# MY SONS FIRST BOW KILL



## Skuff Daddy (Aug 22, 2009)

lil joker talked me in to staying late sunday of opening bow weekend
WELL it was worth it!!!


----------



## salth2o (Sep 21, 2004)

Awesome!


----------



## AWMiller (Nov 30, 2009)

awesome bounty indeed!! brings back memories of bow-hunting in the hills of north-central and north-western arkansas!! just now getting back into bow-hunting wild hogs in my old stomping grounds of East Texas!


----------



## Skuff Daddy (Aug 22, 2009)

AWMiller said:


> awesome bounty indeed!! brings back memories of bow-hunting in the hills of north-central and north-western arkansas!! just now getting back into bow-hunting wild hogs in my old stomping grounds of East Texas!


hey ifen your just getting back into bow hunting you might want one of these!!
not trying to advertize on hunting forum just doing a little showing off today.

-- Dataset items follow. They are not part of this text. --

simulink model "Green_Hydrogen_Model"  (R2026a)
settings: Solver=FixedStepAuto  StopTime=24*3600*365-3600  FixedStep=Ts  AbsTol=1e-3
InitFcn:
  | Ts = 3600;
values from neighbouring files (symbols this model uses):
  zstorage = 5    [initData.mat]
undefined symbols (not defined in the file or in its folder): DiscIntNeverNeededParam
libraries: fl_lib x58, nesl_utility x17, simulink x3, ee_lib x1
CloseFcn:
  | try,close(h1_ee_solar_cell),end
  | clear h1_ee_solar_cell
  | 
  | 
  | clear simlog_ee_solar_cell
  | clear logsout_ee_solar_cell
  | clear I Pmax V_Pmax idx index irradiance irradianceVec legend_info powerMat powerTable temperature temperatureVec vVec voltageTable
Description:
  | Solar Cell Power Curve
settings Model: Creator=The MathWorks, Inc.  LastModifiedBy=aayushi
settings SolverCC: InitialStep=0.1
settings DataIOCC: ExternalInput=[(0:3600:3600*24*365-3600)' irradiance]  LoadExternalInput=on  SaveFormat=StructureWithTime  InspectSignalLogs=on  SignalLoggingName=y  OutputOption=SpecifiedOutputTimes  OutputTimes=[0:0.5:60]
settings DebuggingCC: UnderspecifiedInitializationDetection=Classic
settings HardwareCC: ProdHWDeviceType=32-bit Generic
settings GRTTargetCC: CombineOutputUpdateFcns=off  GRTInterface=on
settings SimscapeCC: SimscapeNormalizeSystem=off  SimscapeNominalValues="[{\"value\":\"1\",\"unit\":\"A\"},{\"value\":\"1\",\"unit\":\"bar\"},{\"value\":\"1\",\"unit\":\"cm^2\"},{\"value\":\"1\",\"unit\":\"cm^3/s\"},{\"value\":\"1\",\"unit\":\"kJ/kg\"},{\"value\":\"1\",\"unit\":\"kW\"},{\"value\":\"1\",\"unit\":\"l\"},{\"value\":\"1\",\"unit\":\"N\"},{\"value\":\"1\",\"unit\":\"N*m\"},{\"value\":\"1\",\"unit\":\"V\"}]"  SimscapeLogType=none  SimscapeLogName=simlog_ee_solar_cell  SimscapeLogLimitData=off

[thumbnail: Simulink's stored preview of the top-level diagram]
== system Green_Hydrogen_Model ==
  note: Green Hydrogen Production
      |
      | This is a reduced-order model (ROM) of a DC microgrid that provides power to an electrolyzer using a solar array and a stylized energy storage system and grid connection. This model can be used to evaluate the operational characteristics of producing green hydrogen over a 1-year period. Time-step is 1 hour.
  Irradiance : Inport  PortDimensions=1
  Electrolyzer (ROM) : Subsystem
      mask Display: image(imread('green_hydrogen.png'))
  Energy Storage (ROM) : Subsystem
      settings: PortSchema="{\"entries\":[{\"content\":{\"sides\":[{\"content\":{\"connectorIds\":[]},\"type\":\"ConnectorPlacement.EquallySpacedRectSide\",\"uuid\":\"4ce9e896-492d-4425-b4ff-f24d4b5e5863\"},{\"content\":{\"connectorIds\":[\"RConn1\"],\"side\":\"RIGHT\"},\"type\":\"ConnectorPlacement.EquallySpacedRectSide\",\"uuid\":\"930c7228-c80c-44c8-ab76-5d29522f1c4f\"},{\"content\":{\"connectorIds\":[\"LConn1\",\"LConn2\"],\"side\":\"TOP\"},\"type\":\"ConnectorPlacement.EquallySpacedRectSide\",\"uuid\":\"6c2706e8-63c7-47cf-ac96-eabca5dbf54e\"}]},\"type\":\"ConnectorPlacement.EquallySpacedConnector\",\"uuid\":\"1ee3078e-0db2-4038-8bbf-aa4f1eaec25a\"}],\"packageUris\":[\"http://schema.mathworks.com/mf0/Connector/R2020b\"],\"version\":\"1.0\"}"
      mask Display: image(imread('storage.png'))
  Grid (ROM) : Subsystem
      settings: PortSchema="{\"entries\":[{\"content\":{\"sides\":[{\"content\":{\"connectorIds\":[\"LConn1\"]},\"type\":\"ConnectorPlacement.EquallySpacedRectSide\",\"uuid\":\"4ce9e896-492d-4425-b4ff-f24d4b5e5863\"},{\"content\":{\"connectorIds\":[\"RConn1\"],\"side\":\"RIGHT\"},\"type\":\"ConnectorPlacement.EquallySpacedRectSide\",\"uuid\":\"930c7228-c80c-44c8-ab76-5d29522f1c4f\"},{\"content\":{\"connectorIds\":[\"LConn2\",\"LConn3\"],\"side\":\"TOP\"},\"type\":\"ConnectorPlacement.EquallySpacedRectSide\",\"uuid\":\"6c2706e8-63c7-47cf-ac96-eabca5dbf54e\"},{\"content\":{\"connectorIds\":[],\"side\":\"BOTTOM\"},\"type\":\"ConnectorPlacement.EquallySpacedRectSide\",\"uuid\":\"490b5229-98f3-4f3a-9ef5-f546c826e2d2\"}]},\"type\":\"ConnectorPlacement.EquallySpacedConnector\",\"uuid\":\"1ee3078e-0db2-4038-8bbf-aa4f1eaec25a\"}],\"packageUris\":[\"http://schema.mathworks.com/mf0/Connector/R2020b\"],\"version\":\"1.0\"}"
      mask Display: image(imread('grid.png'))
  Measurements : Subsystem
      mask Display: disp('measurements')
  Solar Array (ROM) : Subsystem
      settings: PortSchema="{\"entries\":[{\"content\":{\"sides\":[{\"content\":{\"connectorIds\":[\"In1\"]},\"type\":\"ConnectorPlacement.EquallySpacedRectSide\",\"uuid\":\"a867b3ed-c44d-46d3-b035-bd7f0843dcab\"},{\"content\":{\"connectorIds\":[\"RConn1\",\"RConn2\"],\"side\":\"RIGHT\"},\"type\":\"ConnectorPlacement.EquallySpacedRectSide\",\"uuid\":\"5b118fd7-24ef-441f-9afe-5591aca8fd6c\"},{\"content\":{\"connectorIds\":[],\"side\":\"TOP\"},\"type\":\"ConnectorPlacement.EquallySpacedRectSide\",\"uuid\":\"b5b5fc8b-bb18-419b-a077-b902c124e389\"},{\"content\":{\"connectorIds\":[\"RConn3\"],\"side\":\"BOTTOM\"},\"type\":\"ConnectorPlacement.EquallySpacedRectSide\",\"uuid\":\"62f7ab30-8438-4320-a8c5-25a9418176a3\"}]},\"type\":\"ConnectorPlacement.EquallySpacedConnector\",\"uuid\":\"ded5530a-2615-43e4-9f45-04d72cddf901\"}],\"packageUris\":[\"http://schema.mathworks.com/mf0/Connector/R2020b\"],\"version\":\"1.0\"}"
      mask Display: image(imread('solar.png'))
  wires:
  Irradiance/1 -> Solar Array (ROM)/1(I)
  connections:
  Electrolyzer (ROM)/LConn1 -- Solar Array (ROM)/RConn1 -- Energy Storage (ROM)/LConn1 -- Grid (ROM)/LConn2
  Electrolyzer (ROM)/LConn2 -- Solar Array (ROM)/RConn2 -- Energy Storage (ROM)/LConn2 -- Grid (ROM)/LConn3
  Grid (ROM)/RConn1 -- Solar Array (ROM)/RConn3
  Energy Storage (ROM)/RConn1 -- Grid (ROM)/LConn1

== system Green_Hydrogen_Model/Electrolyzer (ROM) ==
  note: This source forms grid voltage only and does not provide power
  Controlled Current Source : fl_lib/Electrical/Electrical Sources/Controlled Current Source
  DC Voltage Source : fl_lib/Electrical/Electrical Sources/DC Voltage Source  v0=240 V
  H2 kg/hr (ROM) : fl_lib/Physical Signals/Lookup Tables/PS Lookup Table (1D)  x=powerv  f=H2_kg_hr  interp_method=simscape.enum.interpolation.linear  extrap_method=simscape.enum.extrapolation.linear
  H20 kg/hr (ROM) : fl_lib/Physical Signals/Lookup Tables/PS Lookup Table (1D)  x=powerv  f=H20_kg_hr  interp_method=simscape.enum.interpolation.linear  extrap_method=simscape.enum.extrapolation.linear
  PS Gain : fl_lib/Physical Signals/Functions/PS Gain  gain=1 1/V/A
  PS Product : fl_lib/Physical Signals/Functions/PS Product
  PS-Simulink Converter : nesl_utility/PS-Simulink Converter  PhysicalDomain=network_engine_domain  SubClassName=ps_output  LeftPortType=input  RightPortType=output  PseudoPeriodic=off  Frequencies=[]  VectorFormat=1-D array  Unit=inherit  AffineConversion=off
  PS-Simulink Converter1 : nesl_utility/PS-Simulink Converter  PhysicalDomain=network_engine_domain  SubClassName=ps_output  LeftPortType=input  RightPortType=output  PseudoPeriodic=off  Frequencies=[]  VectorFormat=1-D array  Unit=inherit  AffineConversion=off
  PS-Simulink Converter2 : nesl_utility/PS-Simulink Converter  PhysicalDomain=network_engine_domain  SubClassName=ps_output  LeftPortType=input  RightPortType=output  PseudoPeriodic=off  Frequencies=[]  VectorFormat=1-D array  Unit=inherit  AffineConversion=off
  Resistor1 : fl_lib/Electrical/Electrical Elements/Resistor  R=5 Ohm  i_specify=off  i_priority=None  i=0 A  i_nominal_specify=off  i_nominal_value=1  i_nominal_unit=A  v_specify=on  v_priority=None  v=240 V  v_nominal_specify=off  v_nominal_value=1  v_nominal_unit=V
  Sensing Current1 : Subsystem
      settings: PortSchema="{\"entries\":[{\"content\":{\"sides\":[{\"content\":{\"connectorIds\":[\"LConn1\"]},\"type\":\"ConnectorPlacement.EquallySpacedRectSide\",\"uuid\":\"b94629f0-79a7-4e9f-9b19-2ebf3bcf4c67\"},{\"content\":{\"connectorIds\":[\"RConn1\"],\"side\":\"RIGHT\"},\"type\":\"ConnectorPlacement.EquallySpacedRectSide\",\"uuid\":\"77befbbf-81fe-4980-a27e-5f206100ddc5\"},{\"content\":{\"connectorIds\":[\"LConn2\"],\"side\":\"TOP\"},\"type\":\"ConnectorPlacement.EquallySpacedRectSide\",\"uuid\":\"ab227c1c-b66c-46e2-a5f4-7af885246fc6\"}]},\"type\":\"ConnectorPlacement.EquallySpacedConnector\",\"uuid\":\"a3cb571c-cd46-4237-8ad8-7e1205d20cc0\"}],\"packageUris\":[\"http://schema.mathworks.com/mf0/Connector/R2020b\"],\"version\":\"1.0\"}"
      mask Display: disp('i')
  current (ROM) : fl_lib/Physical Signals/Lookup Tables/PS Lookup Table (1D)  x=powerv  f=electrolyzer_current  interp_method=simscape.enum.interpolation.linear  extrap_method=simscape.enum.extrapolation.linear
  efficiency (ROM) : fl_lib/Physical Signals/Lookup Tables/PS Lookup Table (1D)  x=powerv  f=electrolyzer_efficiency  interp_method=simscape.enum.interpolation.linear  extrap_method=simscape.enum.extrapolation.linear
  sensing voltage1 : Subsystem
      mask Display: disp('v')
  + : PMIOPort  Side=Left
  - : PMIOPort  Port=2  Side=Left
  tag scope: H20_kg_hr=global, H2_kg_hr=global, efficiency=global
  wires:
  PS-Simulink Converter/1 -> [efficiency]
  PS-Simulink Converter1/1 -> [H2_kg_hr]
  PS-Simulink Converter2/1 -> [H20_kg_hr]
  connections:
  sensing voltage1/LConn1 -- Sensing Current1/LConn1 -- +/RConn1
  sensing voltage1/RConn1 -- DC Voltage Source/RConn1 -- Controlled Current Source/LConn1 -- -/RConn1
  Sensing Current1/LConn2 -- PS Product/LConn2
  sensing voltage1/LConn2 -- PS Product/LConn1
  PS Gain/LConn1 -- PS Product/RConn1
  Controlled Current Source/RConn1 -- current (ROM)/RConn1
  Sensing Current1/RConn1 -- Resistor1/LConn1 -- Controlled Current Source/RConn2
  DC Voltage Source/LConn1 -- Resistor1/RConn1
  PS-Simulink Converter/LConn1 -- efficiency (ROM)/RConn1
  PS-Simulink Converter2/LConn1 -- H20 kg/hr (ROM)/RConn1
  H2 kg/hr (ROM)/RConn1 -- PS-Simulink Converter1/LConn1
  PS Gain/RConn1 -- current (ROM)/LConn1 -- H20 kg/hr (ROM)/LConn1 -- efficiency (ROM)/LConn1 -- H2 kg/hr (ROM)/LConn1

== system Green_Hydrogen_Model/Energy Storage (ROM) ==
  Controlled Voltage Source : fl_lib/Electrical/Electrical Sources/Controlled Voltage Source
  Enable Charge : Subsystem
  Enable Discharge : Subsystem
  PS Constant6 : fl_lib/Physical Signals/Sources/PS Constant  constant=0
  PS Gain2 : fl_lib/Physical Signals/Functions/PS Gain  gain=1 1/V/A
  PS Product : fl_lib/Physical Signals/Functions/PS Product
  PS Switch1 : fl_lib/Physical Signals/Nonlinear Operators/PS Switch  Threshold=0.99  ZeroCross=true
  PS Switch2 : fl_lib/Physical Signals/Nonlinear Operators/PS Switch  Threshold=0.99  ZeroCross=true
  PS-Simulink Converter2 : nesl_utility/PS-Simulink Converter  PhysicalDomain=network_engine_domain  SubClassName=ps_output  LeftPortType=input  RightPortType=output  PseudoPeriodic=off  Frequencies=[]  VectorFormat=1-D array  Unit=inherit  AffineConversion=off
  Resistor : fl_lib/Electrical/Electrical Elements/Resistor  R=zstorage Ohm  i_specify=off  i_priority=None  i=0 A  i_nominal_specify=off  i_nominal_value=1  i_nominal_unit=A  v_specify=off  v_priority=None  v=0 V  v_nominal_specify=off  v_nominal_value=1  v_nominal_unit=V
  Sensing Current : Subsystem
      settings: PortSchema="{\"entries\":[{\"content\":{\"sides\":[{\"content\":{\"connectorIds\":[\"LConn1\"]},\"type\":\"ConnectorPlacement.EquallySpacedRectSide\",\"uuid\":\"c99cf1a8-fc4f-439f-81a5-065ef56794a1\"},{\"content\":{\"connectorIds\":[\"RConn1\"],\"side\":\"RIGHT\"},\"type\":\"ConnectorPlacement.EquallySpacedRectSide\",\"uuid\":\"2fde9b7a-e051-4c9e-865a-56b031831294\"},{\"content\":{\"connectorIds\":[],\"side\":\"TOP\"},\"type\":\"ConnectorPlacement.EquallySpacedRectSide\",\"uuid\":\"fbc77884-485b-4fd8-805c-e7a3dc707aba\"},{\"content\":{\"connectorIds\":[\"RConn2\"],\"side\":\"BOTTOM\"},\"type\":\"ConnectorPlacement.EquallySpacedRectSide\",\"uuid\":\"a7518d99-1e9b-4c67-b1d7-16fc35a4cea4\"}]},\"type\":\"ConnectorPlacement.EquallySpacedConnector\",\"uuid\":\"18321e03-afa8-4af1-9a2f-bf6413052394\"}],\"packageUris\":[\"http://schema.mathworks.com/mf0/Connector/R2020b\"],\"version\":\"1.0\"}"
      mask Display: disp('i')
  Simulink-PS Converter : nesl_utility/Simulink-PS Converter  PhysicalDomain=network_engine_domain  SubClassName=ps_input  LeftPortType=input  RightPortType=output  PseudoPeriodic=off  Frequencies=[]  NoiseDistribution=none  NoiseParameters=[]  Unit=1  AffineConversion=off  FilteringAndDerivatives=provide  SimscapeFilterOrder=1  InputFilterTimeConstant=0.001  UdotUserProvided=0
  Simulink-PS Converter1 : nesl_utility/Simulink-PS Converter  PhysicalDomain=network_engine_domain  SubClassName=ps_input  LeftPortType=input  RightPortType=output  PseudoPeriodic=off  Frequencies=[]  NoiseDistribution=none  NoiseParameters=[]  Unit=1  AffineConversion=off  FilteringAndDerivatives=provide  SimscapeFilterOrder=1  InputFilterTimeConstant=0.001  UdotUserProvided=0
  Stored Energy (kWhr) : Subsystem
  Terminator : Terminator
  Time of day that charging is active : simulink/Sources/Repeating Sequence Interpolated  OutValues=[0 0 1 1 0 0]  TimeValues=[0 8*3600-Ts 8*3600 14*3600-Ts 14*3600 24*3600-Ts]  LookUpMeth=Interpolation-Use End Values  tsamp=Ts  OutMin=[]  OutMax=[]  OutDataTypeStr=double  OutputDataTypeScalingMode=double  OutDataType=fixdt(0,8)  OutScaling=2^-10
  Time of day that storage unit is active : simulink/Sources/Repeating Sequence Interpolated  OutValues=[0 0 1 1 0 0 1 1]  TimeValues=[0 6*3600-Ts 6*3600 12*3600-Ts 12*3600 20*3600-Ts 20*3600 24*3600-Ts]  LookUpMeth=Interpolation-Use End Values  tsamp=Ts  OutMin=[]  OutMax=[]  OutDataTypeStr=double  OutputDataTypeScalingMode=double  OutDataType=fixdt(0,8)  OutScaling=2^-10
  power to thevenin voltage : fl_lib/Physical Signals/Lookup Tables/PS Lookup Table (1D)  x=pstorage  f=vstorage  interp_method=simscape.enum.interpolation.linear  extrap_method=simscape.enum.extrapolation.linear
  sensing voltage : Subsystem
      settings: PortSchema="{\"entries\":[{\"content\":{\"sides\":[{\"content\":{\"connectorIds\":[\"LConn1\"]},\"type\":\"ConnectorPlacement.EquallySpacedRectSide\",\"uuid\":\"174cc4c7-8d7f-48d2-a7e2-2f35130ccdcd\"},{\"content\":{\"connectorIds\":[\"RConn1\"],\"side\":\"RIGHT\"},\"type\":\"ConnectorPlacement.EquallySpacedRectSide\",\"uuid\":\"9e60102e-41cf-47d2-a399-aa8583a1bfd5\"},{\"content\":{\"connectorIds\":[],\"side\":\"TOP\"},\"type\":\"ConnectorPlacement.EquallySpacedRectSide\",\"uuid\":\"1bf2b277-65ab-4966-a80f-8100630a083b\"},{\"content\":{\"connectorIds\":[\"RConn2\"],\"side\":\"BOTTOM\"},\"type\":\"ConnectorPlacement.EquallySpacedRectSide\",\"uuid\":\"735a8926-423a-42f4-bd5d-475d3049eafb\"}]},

LOL!!


----------



## Whitebassfisher (May 4, 2007)

Skuff Daddy, congrats to your son, and to you.


----------



## Chunky (Oct 15, 2006)

congrats to the hunter.


----------



## Josh5 (Jun 27, 2007)

Congrats to your son. My 10 (now 11) son got his first bow doe this year also.


----------



## Rack Ranch (May 25, 2004)

Congrats young man...


----------



## AWMiller (Nov 30, 2009)

man those two bows would be an excellent addition!! send them my way!!! hahahaha.... in fact I have to get out and start testing some bows and replenish what I no longer have at the moment!


----------



## VannoySkiff (Nov 18, 2008)

Congrats to the young man, is he trying to keep up with his cousin Easton?


----------



## Skuff Daddy (Aug 22, 2009)

*Trying man Trying*



VannoySkiff said:


> Congrats to the young man, is he trying to keep up with his cousin Easton?


hey hes gotta long way to go to try and keep up with those guys (him and his dado) hahah
but we hav'en fun trying


----------